Plant Name
Scientific Name: Melinis minutiflora
Synonym: Melinis tenuinervis
Common Names: Molasses Grass, Molassesgrass, Brazilian Stink Grass, Efwatakala Grass
Plant Characteristics
Duration: Perennial
Growth Habit: Graminoid
Hawaii Native Status: Introduced. This naturalized forage plant is native to Africa.
Flower Color: Inconspicuous (orange)
Height: To 39 inches (1 m) tall
Description: The tiny flowers are in slender, dense, feathery, purplish to pink (when young), 8 inch (20 cm) long panicles.

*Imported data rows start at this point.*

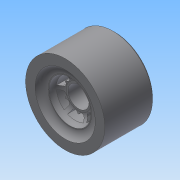
# Autodesk Inventor part: Wheels
Saved by Autodesk Inventor 2015 (Build 190159000, 159)
## iProperties
Created: 2016-01-06
Part Number: Wheels
Material: Generic
Document SubType Name: Modeling
Designer: JoshuaYuan
Density: 1 g/cm^3
Appearance: Default
Author: JoshuaYuan
Autodesk Inventor part; units mm, degrees
ref_plane "YZ Plane" through (0, 0, 0) normal (1, 0, 0) x (0, 1, 0)
ref_plane "XZ Plane" through (0, 0, 0) normal (0, 1, 0) x (-1, 0, 0)
ref_plane "XY Plane" through (0, 0, 0) normal (0, 0, 1) x (1, 0, 0)
sketch "Sketch1" plane through (0, 0, 0) normal (0, 0, 1) x (1, 0, 0)
  line L0 (-58.1, 0) -> (58.1, 0) projected
  line L1 (0, -58.1) -> (0, 58.1) projected
  circle A0 centre (0, 0) radius 41.5
  circle A1 centre (0, 0) radius 31.5
  circle A2 centre (0, 0) radius 22
  circle A3 centre (0, 0) radius 11
  circle A4 centre (0, 0) radius 4
  dimension "d0" = 83
  dimension "d1" = 10
  dimension "d2" = 8
  dimension "d3" = 22
  dimension "d11" = 44
  constraints: 5 centre point, 5 coincident
  measures "d0" diameter of A0
  measures "d1" radial gap between concentric circles of A0 A1
  measures "d2" diameter of A4
  measures "d3" diameter of A3
  measures "d11" diameter of A2
extrude "Outside" add sketch "Sketch1" along normal mid plane 52 contours A1 L1 A0 L0 | L0 A0 L1 A1 | A1 L0 A0 L1 | L1 A0 L0 A1
extrude "Middle" add sketch "Sketch1" along normal mid plane 42 contours A2 L1 A1 L0 | L0 A1 L1 A2 | A2 L0 A1 L1 | L1 A1 L0 A2
extrude "Inside" add sketch "Sketch1" along normal mid plane 24 contours A3 L1 A2 L0 | L0 A2 L1 A3 | A3 L0 A2 L1 | L1 A2 L0 A3
fillet "outside-outer fillet" radius 10 1 edges at (-31.5, 0, 21)
sketch "spokes" plane through (0, 0, 12) normal (0, 0, 1) x (1, 0, 0)
  arc A0 (11.6992, -16.2216) -> (19.9001, -2) centre (0, 0) ccw
  line L0 (11.6992, -16.2216) -> (9.7171, -12.7886)
  line L1 (19.9001, -2) -> (15.9359, -2)
  arc A1 (15.9359, -2) -> (13.6483, -7.064) centre (15.9359, -5.0487) ccw
  arc A2 (12.9527, -8.2707) -> (9.7171, -12.7886) centre (12.3551, -11.2603) ccw
  circle A3 centre (0, 0) radius 22 projected
  arc A4 (12.9527, -8.2707) -> (13.6483, -7.064) centre (0, 0) ccw
  circle A5 centre (0, 0) radius 11 projected
  line L2 (-58.1, 0) -> (58.1, 0) projected
  arc A6 (19.8979, 2.021) -> (11.6821, 16.234) centre (0, 0) ccw
  line L3 (19.8979, 2.021) -> (15.9338, 2.021)
  line L4 (11.6821, 16.234) -> (9.7, 12.8009)
  arc A7 (9.7, 12.8009) -> (12.9418, 8.2877) centre (12.3403, 11.2765) ccw
  arc A8 (13.639, 7.082) -> (15.9338, 2.021) centre (15.9292, 5.0697) ccw
  arc A9 (13.639, 7.082) -> (12.9418, 8.2877) centre (0, 0) ccw
  arc A10 (8.1987, 18.2426) -> (-8.218, 18.234) centre (0, 0) ccw
  line L5 (8.1987, 18.2426) -> (6.2167, 14.8095)
  line L6 (-8.218, 18.234) -> (-6.2359, 14.8009)
  arc A11 (-6.2359, 14.8009) -> (-0.7065, 15.3518) centre (-3.5956, 16.3252) ccw
  arc A12 (0.6863, 15.3527) -> (6.2167, 14.8095) centre (3.5741, 16.33) ccw
  arc A13 (0.6863, 15.3527) -> (-0.7065, 15.3518) centre (0, 0) ccw
  arc A14 (-11.6992, 16.2216) -> (-19.9001, 2) centre (0, 0) ccw
  line L7 (-11.6992, 16.2216) -> (-9.7171, 12.7886)
  line L8 (-19.9001, 2) -> (-15.9359, 2)
  arc A15 (-15.9359, 2) -> (-13.6483, 7.064) centre (-15.9359, 5.0487) ccw
  arc A16 (-12.9527, 8.2707) -> (-9.7171, 12.7886) centre (-12.3551, 11.2603) ccw
  arc A17 (-12.9527, 8.2707) -> (-13.6483, 7.064) centre (0, 0) ccw
  arc A18 (-19.8979, -2.021) -> (-11.6821, -16.234) centre (0, 0) ccw
  line L9 (-19.8979, -2.021) -> (-15.9338, -2.021)
  line L10 (-11.6821, -16.234) -> (-9.7, -12.8009)
  arc A19 (-9.7, -12.8009) -> (-12.9418, -8.2877) centre (-12.3403, -11.2765) ccw
  arc A20 (-13.639, -7.082) -> (-15.9338, -2.021) centre (-15.9292, -5.0697) ccw
  arc A21 (-13.639, -7.082) -> (-12.9418, -8.2877) centre (0, 0) ccw
  arc A22 (-8.1987, -18.2426) -> (8.218, -18.234) centre (0, 0) ccw
  line L11 (-8.1987, -18.2426) -> (-6.2167, -14.8095)
  line L12 (8.218, -18.234) -> (6.2359, -14.8009)
  arc A23 (6.2359, -14.8009) -> (0.7065, -15.3518) centre (3.5956, -16.3252) ccw
  arc A24 (-0.6863, -15.3527) -> (-6.2167, -14.8095) centre (-3.5741, -16.33) ccw
  arc A25 (-0.6863, -15.3527) -> (0.7065, -15.3518) centre (0, 0) ccw
  circle A26 centre (0, 0) radius 12.601
  circle A27 centre (0, 0) radius 16.7165 construction
  dimension "d14" = 60
  dimension "d17" = 360
  dimension "d23" = 2
  constraints: 50 point on circle, 26 centre point, 24 end point, 4 coincident, 2 concentric, 1 equal length, 1 equal radius, 1 parallel, 1 tangent, 113 other
  measures "d14" angle of L1 L0
  measures "d23" distance between parallel lines of L2 L1
fillet "outside-spoke fillet" radius 9 1 edges at (-22, 0, 12)
chamfer "inside-edge chamfer" distance 2 angle 45 1 edges at (-41.5, 0, -26)
fillet "inside-outer fillet" radius 11 1 edges at (-31.5, 0, -21)
fillet "inside-spoke fillet" radius 9 1 edges at (-22, 0, -12)
extrude "spoke cutouts" cut sketch "spokes" along normal through all both and the other way through all contours L0 A2 A4 A1 L1 A0 | L3 A8 A9 A7 L4 A6 | L5 A12 A13 A11 L6 A10 | L7 A16 A17 A15 L8 A14 | L9 A20 A21 A19 L10 A18 | L11 A24 A25 A23 L12 A22
body "Solid1"
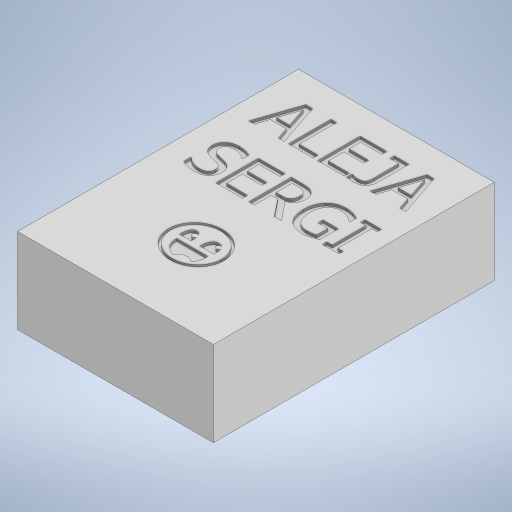
# Autodesk Inventor part: torta20personas
Saved by Autodesk Inventor 2024 (Build 280153000, 153)
## iProperties
Created: 2023-09-01
Part Number: torta20personas
Material: Genérico
Document SubType Name: Modeling
Designer: profe
Density: 1 g/cm^3
Appearance: Valor por defecto
Author: profe
Autodesk Inventor part; units mm, degrees
note: some values were not read from the file. Chosen so that the rebuilt part matches the saved one: offset side; direction of "Repujado1".
ref_plane "YZ Plane" through (0, 0, 0) normal (1, 0, 0) x (0, 1, 0)
ref_plane "XZ Plane" through (0, 0, 0) normal (0, 1, 0) x (-1, 0, 0)
ref_plane "XY Plane" through (0, 0, 0) normal (0, 0, 1) x (1, 0, 0)
sketch "Boceto2" plane through (0, 0, 0) normal (0, 1, 0) x (-1, 0, 0)
  line L0 (-115, -165) -> (115, -165)
  line L1 (115, -165) -> (115, 165)
  line L2 (115, 165) -> (-115, 165)
  line L3 (-115, 165) -> (-115, -165)
  line L4 (-115, -165) -> (115, 165) construction
  line L5 (115, -165) -> (-115, 165) construction
  point P0 (0, 0)
  dimension "d3" = 330
  dimension "d4" = 230
  constraints: 12 end point, 2 midpoint, 2 parallel, 1 horizontal, 1 perpendicular
  measures "d3" distance of L0.end L1.end
  measures "d4" distance of L0.start L0.end
extrude "Extrusión2" add sketch "Boceto2" along normal blind 100
sketch "Boceto3" plane through (0, 100, 0) normal (0, 1, 0) x (1, 0, 0)
  line L0 (-91.3257, 133.12) -> (-76.7106, 133.12) construction
  line L1 (-76.7106, 133.12) -> (-76.7106, 124.9893) construction
  line L2 (-76.7106, 124.9893) -> (-91.3257, 124.9893) construction
  line L3 (-91.3257, 124.9893) -> (-91.3257, 133.12) construction
  line L4 (-91.6498, 83.12) -> (-74.7941, 133.12)
  line L5 (-74.7941, 133.12) -> (-66.6093, 133.12)
  line L6 (-66.6093, 133.12) -> (-49.7536, 83.12)
  line L7 (-49.7536, 83.12) -> (-56.7633, 83.12)
  line L8 (-56.7633, 83.12) -> (-61.3014, 97.0989)
  line L9 (-61.3014, 97.0989) -> (-80.3857, 97.0989)
  line L10 (-80.3857, 97.0989) -> (-84.9237, 83.12)
  line L11 (-84.9237, 83.12) -> (-91.6498, 83.12)
  line L12 (-63.1247, 102.7716) -> (-70.8638, 126.3129)
  line L13 (-70.8638, 126.3129) -> (-78.5623, 102.7716)
  line L14 (-78.5623, 102.7716) -> (-63.1247, 102.7716)
  line L15 (-16.0421, 83.12) -> (-45.0129, 83.12)
  line L16 (-45.0129, 83.12) -> (-45.0129, 133.12)
  line L17 (-45.0129, 133.12) -> (-38.3678, 133.12)
  line L18 (-38.3678, 133.12) -> (-38.3678, 89.0357)
  line L19 (-38.3678, 89.0357) -> (-16.0421, 89.0357)
  line L20 (-16.0421, 89.0357) -> (-16.0421, 83.12)
  line L21 (-10.8152, 83.12) -> (-10.8152, 133.12)
  line L22 (-10.8152, 133.12) -> (20.4652, 133.12)
  line L23 (20.4652, 133.12) -> (20.4652, 127.2043)
  line L24 (20.4652, 127.2043) -> (-4.1701, 127.2043)
  line L25 (-4.1701, 127.2043) -> (-4.1701, 113.509)
  line L26 (-4.1701, 113.509) -> (18.804, 113.509)
  line L27 (18.804, 113.509) -> (18.804, 107.5933)
  line L28 (18.804, 107.5933) -> (-4.1701, 107.5933)
  line L29 (-4.1701, 107.5933) -> (-4.1701, 89.0357)
  line L30 (-4.1701, 89.0357) -> (20.4652, 89.0357)
  line L31 (20.4652, 89.0357) -> (20.4652, 83.12)
  line L32 (20.4652, 83.12) -> (-10.8152, 83.12)
  spline S0 degree 2 poles (46.5998, 96.1265) (46.5998, 89.5625) (38.5771, 82.4312) (31.8104, 82.4312) knots 0 0 0 1 2 2 2
  spline S1 degree 2 poles (31.8104, 82.4312) (30.1897, 82.4312) (24.8007, 82.9985) (22.9774, 83.4036) knots 0 0 0 1 2 2 2
  line L33 (22.9774, 83.4036) -> (22.9774, 89.8056)
  line L34 (22.9774, 89.8056) -> (23.3421, 89.8056)
  spline S2 degree 2 poles (23.3421, 89.8056) (24.7197, 89.3194) (28.8121, 88.1848) (30.919, 88.1848) knots 0 0 0 1 2 2 2
  spline S3 degree 2 poles (30.919, 88.1848) (33.9985, 88.1848) (37.6857, 89.603) (38.5365, 90.8996) knots 0 0 0 1 2 2 2
  spline S4 degree 2 poles (38.5365, 90.8996) (39.4685, 92.2367) (39.9547, 96.1265) (39.9547, 98.6792) knots 0 0 0 1 2 2 2
  line L35 (39.9547, 98.6792) -> (39.9547, 127.8121)
  line L36 (39.9547, 127.8121) -> (29.3793, 127.8121)
  line L37 (29.3793, 127.8121) -> (29.3793, 133.12)
  line L38 (29.3793, 133.12) -> (46.5998, 133.12)
  line L39 (46.5998, 133.12) -> (46.5998, 96.1265)
  line L40 (51.0163, 83.12) -> (67.872, 133.12)
  line L41 (67.872, 133.12) -> (76.0568, 133.12)
  line L42 (76.0568, 133.12) -> (92.9126, 83.12)
  line L43 (92.9126, 83.12) -> (85.9028, 83.12)
  line L44 (85.9028, 83.12) -> (81.3647, 97.0989)
  line L45 (81.3647, 97.0989) -> (62.2805, 97.0989)
  line L46 (62.2805, 97.0989) -> (57.7424, 83.12)
  line L47 (57.7424, 83.12) -> (51.0163, 83.12)
  line L48 (79.5414, 102.7716) -> (71.8023, 126.3129)
  line L49 (71.8023, 126.3129) -> (64.1038, 102.7716)
  line L50 (64.1038, 102.7716) -> (79.5414, 102.7716)
  spline S5 degree 2 poles (-72.3225, -0.0951) (-77.7519, -0.0951) (-85.3695, 2.174) (-88.7325, 3.7947) knots 0 0 0 1 2 2 2
  line L51 (-88.7325, 3.7947) -> (-88.7325, 12.1415)
  line L52 (-88.7325, 12.1415) -> (-88.2463, 12.1415)
  spline S6 degree 2 poles (-88.2463, 12.1415) (-84.9643, 9.0621) (-76.6579, 5.6586) (-72.8087, 5.6586) knots 0 0 0 1 2 2 2
  spline S7 degree 2 poles (-72.8087, 5.6586) (-67.2981, 5.6586) (-61.666, 10.2372) (-61.666, 14.0054) knots 0 0 0 1 2 2 2
  spline S8 degree 2 poles (-61.666, 14.0054) (-61.666, 17.0038) (-64.6239, 20.7315) (-67.8249, 21.6634) knots 0 0 0 1 2 2 2
  spline S9 degree 2 poles (-67.8249, 21.6634) (-70.1344, 22.3117) (-73.9837, 23.2031) (-76.8605, 23.9325) knots 0 0 0 1 2 2 2
  spline S10 degree 2 poles (-76.8605, 23.9325) (-79.4537, 24.6213) (-83.5461, 26.6877) (-85.1263, 28.349) knots 0 0 0 1 2 2 2
  spline S11 degree 2 poles (-85.1263, 28.349) (-86.666, 30.0103) (-88.3678, 34.4673) (-88.3678, 37.3847) knots 0 0 0 1 2 2 2
  spline S12 degree 2 poles (-88.3678, 37.3847) (-88.3678, 43.4625) (-78.8865, 51.6877) (-71.5526, 51.6877) knots 0 0 0 1 2 2 2
  spline S13 degree 2 poles (-71.5526, 51.6877) (-67.3387, 51.6877) (-59.8832, 50.0265) (-56.6823, 48.4462) knots 0 0 0 1 2 2 2
  line L53 (-56.6823, 48.4462) -> (-56.6823, 40.5046)
  line L54 (-56.6823, 40.5046) -> (-57.1685, 40.5046)
  spline S14 degree 2 poles (-57.1685, 40.5046) (-59.5591, 42.6926) (-67.0145, 45.9341) (-71.1069, 45.9341) knots 0 0 0 1 2 2 2
  spline S15 degree 2 poles (-71.1069, 45.9341) (-75.726, 45.9341) (-81.4391, 41.5986) (-81.4391, 38.0735) knots 0 0 0 1 2 2 2
  spline S16 degree 2 poles (-81.4391, 38.0735) (-81.4391, 34.913) (-78.0761, 31.1448) (-74.9156, 30.2939) knots 0 0 0 1 2 2 2
  spline S17 degree 2 poles (-74.9156, 30.2939) (-72.8087, 29.7266) (-66.6904, 28.268) (-64.6644, 27.6602) knots 0 0 0 1 2 2 2
  spline S18 degree 2 poles (-64.6644, 27.6602) (-59.5186, 26.08) (-54.7374, 19.7185) (-54.7374, 15.0589) knots 0 0 0 1 2 2 2
  spline S19 degree 2 poles (-54.7374, 15.0589) (-54.7374, 12.101) (-57.128, 6.4284) (-59.2754, 4.443) knots 0 0 0 1 2 2 2
  spline S20 degree 2 poles (-59.2754, 4.443) (-61.666, 2.255) (-67.7438, -0.0951) (-72.3225, -0.0951) knots 0 0 0 1 2 2 2
  line L55 (-47.9707, 0.7963) -> (-47.9707, 50.7963)
  line L56 (-47.9707, 50.7963) -> (-16.6904, 50.7963)
  line L57 (-16.6904, 50.7963) -> (-16.6904, 44.8806)
  line L58 (-16.6904, 44.8806) -> (-41.3257, 44.8806)
  line L59 (-41.3257, 44.8806) -> (-41.3257, 31.1853)
  line L60 (-41.3257, 31.1853) -> (-18.3516, 31.1853)
  line L61 (-18.3516, 31.1853) -> (-18.3516, 25.2696)
  line L62 (-18.3516, 25.2696) -> (-41.3257, 25.2696)
  line L63 (-41.3257, 25.2696) -> (-41.3257, 6.712)
  line L64 (-41.3257, 6.712) -> (-16.6904, 6.712)
  line L65 (-16.6904, 6.712) -> (-16.6904, 0.7963)
  line L66 (-16.6904, 0.7963) -> (-47.9707, 0.7963)
  line L67 (29.2983, 0.7963) -> (20.6678, 0.7963)
  line L68 (20.6678, 0.7963) -> (4.8656, 20.691)
  line L69 (4.8656, 20.691) -> (-2.7519, 20.691)
  line L70 (-2.7519, 20.691) -> (-2.7519, 0.7963)
  line L71 (-2.7519, 0.7963) -> (-9.397, 0.7963)
  line L72 (-9.397, 0.7963) -> (-9.397, 50.7963)
  line L73 (-9.397, 50.7963) -> (3.4879, 50.7963)
  spline S21 degree 2 poles (3.4879, 50.7963) (7.7829, 50.7963) (13.5771, 49.8644) (16.2108, 48.1626) knots 0 0 0 1 2 2 2
  spline S22 degree 2 poles (16.2108, 48.1626) (18.8445, 46.4608) (21.8834, 41.1529) (21.8834, 37.2226) knots 0 0 0 1 2 2 2
  spline S23 degree 2 poles (21.8834, 37.2226) (21.8834, 31.7526) (16.2918, 24.3377) (11.5106, 22.5548) knots 0 0 0 1 2 2 2
  line L74 (11.5106, 22.5548) -> (29.2983, 0.7963)
  spline S24 degree 2 poles (14.9547, 36.6958) (14.9547, 38.8838) (13.415, 42.2469) (11.7942, 43.3409) knots 0 0 0 1 2 2 2
  spline S25 degree 2 poles (11.7942, 43.3409) (10.3761, 44.2728) (6.6079, 45.0427) (3.8526, 45.0427) knots 0 0 0 1 2 2 2
  line L75 (3.8526, 45.0427) -> (-2.7519, 45.0427)
  line L76 (-2.7519, 45.0427) -> (-2.7519, 26.242)
  line L77 (-2.7519, 26.242) -> (3.0827, 26.242)
  spline S26 degree 2 poles (3.0827, 26.242) (5.9596, 26.242) (10.5382, 27.255) (12.1184, 28.8352) knots 0 0 0 1 2 2 2
  spline S27 degree 2 poles (12.1184, 28.8352) (13.5771, 30.2129) (14.9547, 34.1026) (14.9547, 36.6958) knots 0 0 0 1 2 2 2
  spline S28 degree 2 poles (54.2173, -0.1761) (48.9093, -0.1761) (40.1168, 3.0654) (36.9563, 6.3474) knots 0 0 0 1 2 2 2
  spline S29 degree 2 poles (36.9563, 6.3474) (33.7959, 9.6699) (30.4328, 19.4754) (30.4328, 25.8368) knots 0 0 0 1 2 2 2
  spline S30 degree 2 poles (30.4328, 25.8368) (30.4328, 31.8741) (33.8364, 41.4365) (36.9968, 44.8401) knots 0 0 0 1 2 2 2
  spline S31 degree 2 poles (36.9968, 44.8401) (40.0357, 48.1221) (48.9498, 51.6877) (54.2578, 51.6877) knots 0 0 0 1 2 2 2
  spline S32 degree 2 poles (54.2578, 51.6877) (56.8104, 51.6877) (61.4296, 50.9584) (63.5365, 50.3101) knots 0 0 0 1 2 2 2
  spline S33 degree 2 poles (63.5365, 50.3101) (65.2383, 49.8239) (69.3712, 48.0411) (70.6273, 47.3928) knots 0 0 0 1 2 2 2
  line L78 (70.6273, 47.3928) -> (70.6273, 39.3701)
  line L79 (70.6273, 39.3701) -> (70.06, 39.3701)
  spline S34 degree 2 poles (70.06, 39.3701) (68.804, 40.4641) (66.1703, 42.4495) (63.7391, 43.584) knots 0 0 0 1 2 2 2
  spline S35 degree 2 poles (63.7391, 43.584) (61.7132, 44.597) (56.4863, 45.9341) (53.4879, 45.9341) knots 0 0 0 1 2 2 2
  spline S36 degree 2 poles (53.4879, 45.9341) (46.2756, 45.9341) (37.3615, 35.0751) (37.3615, 26.0394) knots 0 0 0 1 2 2 2
  spline S37 degree 2 poles (37.3615, 26.0394) (37.3615, 21.0151) (39.7116, 13.4787) (41.9401, 10.8855) knots 0 0 0 1 2 2 2
  spline S38 degree 2 poles (41.9401, 10.8855) (44.0876, 8.2923) (50.1654, 5.5775) (53.9741, 5.5775) knots 0 0 0 1 2 2 2
  spline S39 degree 2 poles (53.9741, 5.5775) (56.7699, 5.5775) (62.3615, 6.3879) (64.2659, 7.1983) knots 0 0 0 1 2 2 2
  line L80 (64.2659, 7.1983) -> (64.2659, 20.1237)
  line L81 (64.2659, 20.1237) -> (52.6775, 20.1237)
  line L82 (52.6775, 20.1237) -> (52.6775, 25.9584)
  line L83 (52.6775, 25.9584) -> (70.8299, 25.9584)
  line L84 (70.8299, 25.9584) -> (70.8299, 4.1189)
  spline S40 degree 2 poles (70.8299, 4.1189) (69.5738, 3.5516) (65.2788, 1.8093) (63.4555, 1.2826) knots 0 0 0 1 2 2 2
  spline S41 degree 2 poles (63.4555, 1.2826) (60.9839, 0.5532) (57.013, -0.1761) (54.2173, -0.1761) knots 0 0 0 1 2 2 2
  line L85 (96.5998, 0.7963) -> (77.2318, 0.7963)
  line L86 (77.2318, 0.7963) -> (77.2318, 5.9017)
  line L87 (77.2318, 5.9017) -> (83.5933, 5.9017)
  line L88 (83.5933, 5.9017) -> (83.5933, 45.691)
  line L89 (83.5933, 45.691) -> (77.2318, 45.691)
  line L90 (77.2318, 45.691) -> (77.2318, 50.7963)
  line L91 (77.2318, 50.7963) -> (96.5998, 50.7963)
  line L92 (96.5998, 50.7963) -> (96.5998, 45.691)
  line L93 (96.5998, 45.691) -> (90.2383, 45.691)
  line L94 (90.2383, 45.691) -> (90.2383, 5.9017)
  line L95 (90.2383, 5.9017) -> (96.5998, 5.9017)
  line L96 (96.5998, 5.9017) -> (96.5998, 0.7963)
  point P0 (0, 0)
  constraints: 2 other
sketch "Boceto4" plane through (0, 100, 0) normal (0, 1, 0) x (1, 0, 0)
  ellipse E0 centre (3.3562, -73.5305) end of major axis (35.95, -73.5305) minor radius 30.9478
  line L0 (-17.1173, -72.8754) -> (-3.3591, -72.8754)
  line L1 (-3.3591, -72.8754) -> (-3.3591, -65.0877) construction
  line L2 (-3.3591, -65.0877) -> (-6.2828, -57.898) construction
  line L3 (-6.2828, -57.898) -> (-11.4475, -57.898) construction
  line L4 (-11.4475, -57.898) -> (-17.1173, -61.4929) construction
  line L5 (-17.1173, -61.4929) -> (-17.1173, -72.8754) construction
  spline S0 degree 4 poles (-3.3591, -72.8754) (-3.3591, -65.0877) (-6.2828, -57.898) (-11.4475, -57.898) (-17.1173, -61.4929) (-17.1173, -72.8754) knots 1 1 1 1 1 2 3 3 3 3 3
  line L6 (6.7957, -72.8754) -> (23.6015, -72.8754)
  line L7 (23.6015, -72.8754) -> (23.6015, -65.0877) construction
  line L8 (23.6015, -65.0877) -> (20.2264, -57.898) construction
  line L9 (20.2264, -57.898) -> (16.8082, -57.898) construction
  line L10 (16.8082, -57.898) -> (6.7957, -59.6954) construction
  line L11 (6.7957, -59.6954) -> (6.7957, -72.8754) construction
  spline S1 degree 4 poles (23.6015, -72.8754) (23.6015, -65.0877) (20.2264, -57.898) (16.8082, -57.898) (6.7957, -59.6954) (6.7957, -72.8754) knots 1 1 1 1 1 2 3 3 3 3 3
  line L12 (21.9139, -78.608) -> (-14.5441, -78.608)
  line L13 (21.9139, -78.608) -> (23.6015, -89.9597) construction
  line L14 (23.6015, -89.9597) -> (13.551, -97.3256) construction
  line L15 (13.551, -97.3256) -> (3.6849, -101.6803) construction
  line L16 (3.6849, -101.6803) -> (-10.2382, -93.6427) construction
  line L17 (-10.2382, -93.6427) -> (-14.5441, -86.0791) construction
  line L18 (-14.5441, -86.0791) -> (-14.5441, -78.608) construction
  spline S2 degree 4 poles (21.9139, -78.608) (23.6015, -89.9597) (13.551, -97.3256) (3.6849, -101.6803) (-10.2382, -93.6427) (-14.5441, -86.0791) (-14.5441, -78.608) knots 1 1 1 1 1 2 3 4 4 4 4 4
  line L19 (-0.0545, -97.6615) -> (3.6849, -91.2682) construction
  line L20 (3.6849, -91.2682) -> (8.618, -89.8609) construction
  line L21 (8.618, -89.8609) -> (12.2197, -89.8609) construction
  line L22 (12.2197, -89.8609) -> (17.4754, -93.6427) construction
  spline S3 degree 4 poles (-0.0545, -97.6615) (3.6849, -91.2682) (8.618, -89.8609) (12.2197, -89.8609) (17.4754, -93.6427) knots 1 1 1 1 1 2 2 2 2 2
  arc A0 (-5.217, -62.3766) -> (-3.8659, -66.4524) centre (-6.5721, -65.0877) ccw
  arc A1 (20.015, -60.2235) -> (22.3703, -63.936) centre (19.6064, -63.0861) ccw
  spline S4 degree 5 poles (33.1537, -73.5305) (33.1534, -69.0757) (32.2217, -64.6175) (30.351, -60.4297) (24.9525, -52.8953) (17.0938, -47.9476) (12.6537, -46.2366) (3.3562, -44.5213) (-5.9413, -46.2367) (-10.3815, -47.9473) (-18.24, -52.8959) (-23.6388, -60.429) (-25.509, -64.6191) (-27.3736, -73.5305) (-25.509, -82.442) (-23.6388, -86.6321) (-18.24, -94.1651) (-10.3815, -99.1138) (-5.9413, -100.8243) (3.3562, -102.5398) (12.6537, -100.8245) (17.0938, -99.1135) (24.9525, -94.1658) (30.351, -86.6313) (32.2217, -82.4436) (33.1534, -77.9853) (33.1537, -73.5305) knots 0 0 0 0 0 0 0.122343 0.122343 0.122343 0.25 0.25 0.25 0.377657 0.377657 0.377657 0.5 0.5 0.5 0.622343 0.622343 0.622343 0.75 0.75 0.75 0.877657 0.877657 0.877657 1 1 1 1 1 1
  point P0 (0, 0)
  constraints: 6 end point, 6 horizontal, 4 point on circle, 3 centre point, 2 vertical, 21 other
extrude "Extrusión3" cut sketch "Boceto4" against normal blind 3 contours E0 | S0 A0 L0 | S1 A1 L6 | S2 S3 L12
emboss "Repujado1" sketch "Boceto3" operation cut depth 3 direction (0, -1, 0)

The leaf blades and sheaths are glandular hairy, sticky, and have a distinctive molasses-like odor. The leaf blades are linear and light green or tinged red. The stems are branching and ascending. The plants are spread by wind-blown seed and rooting runners and eventually form large, monotypic stands when established. This strong smelling plant repels both insects and ticks.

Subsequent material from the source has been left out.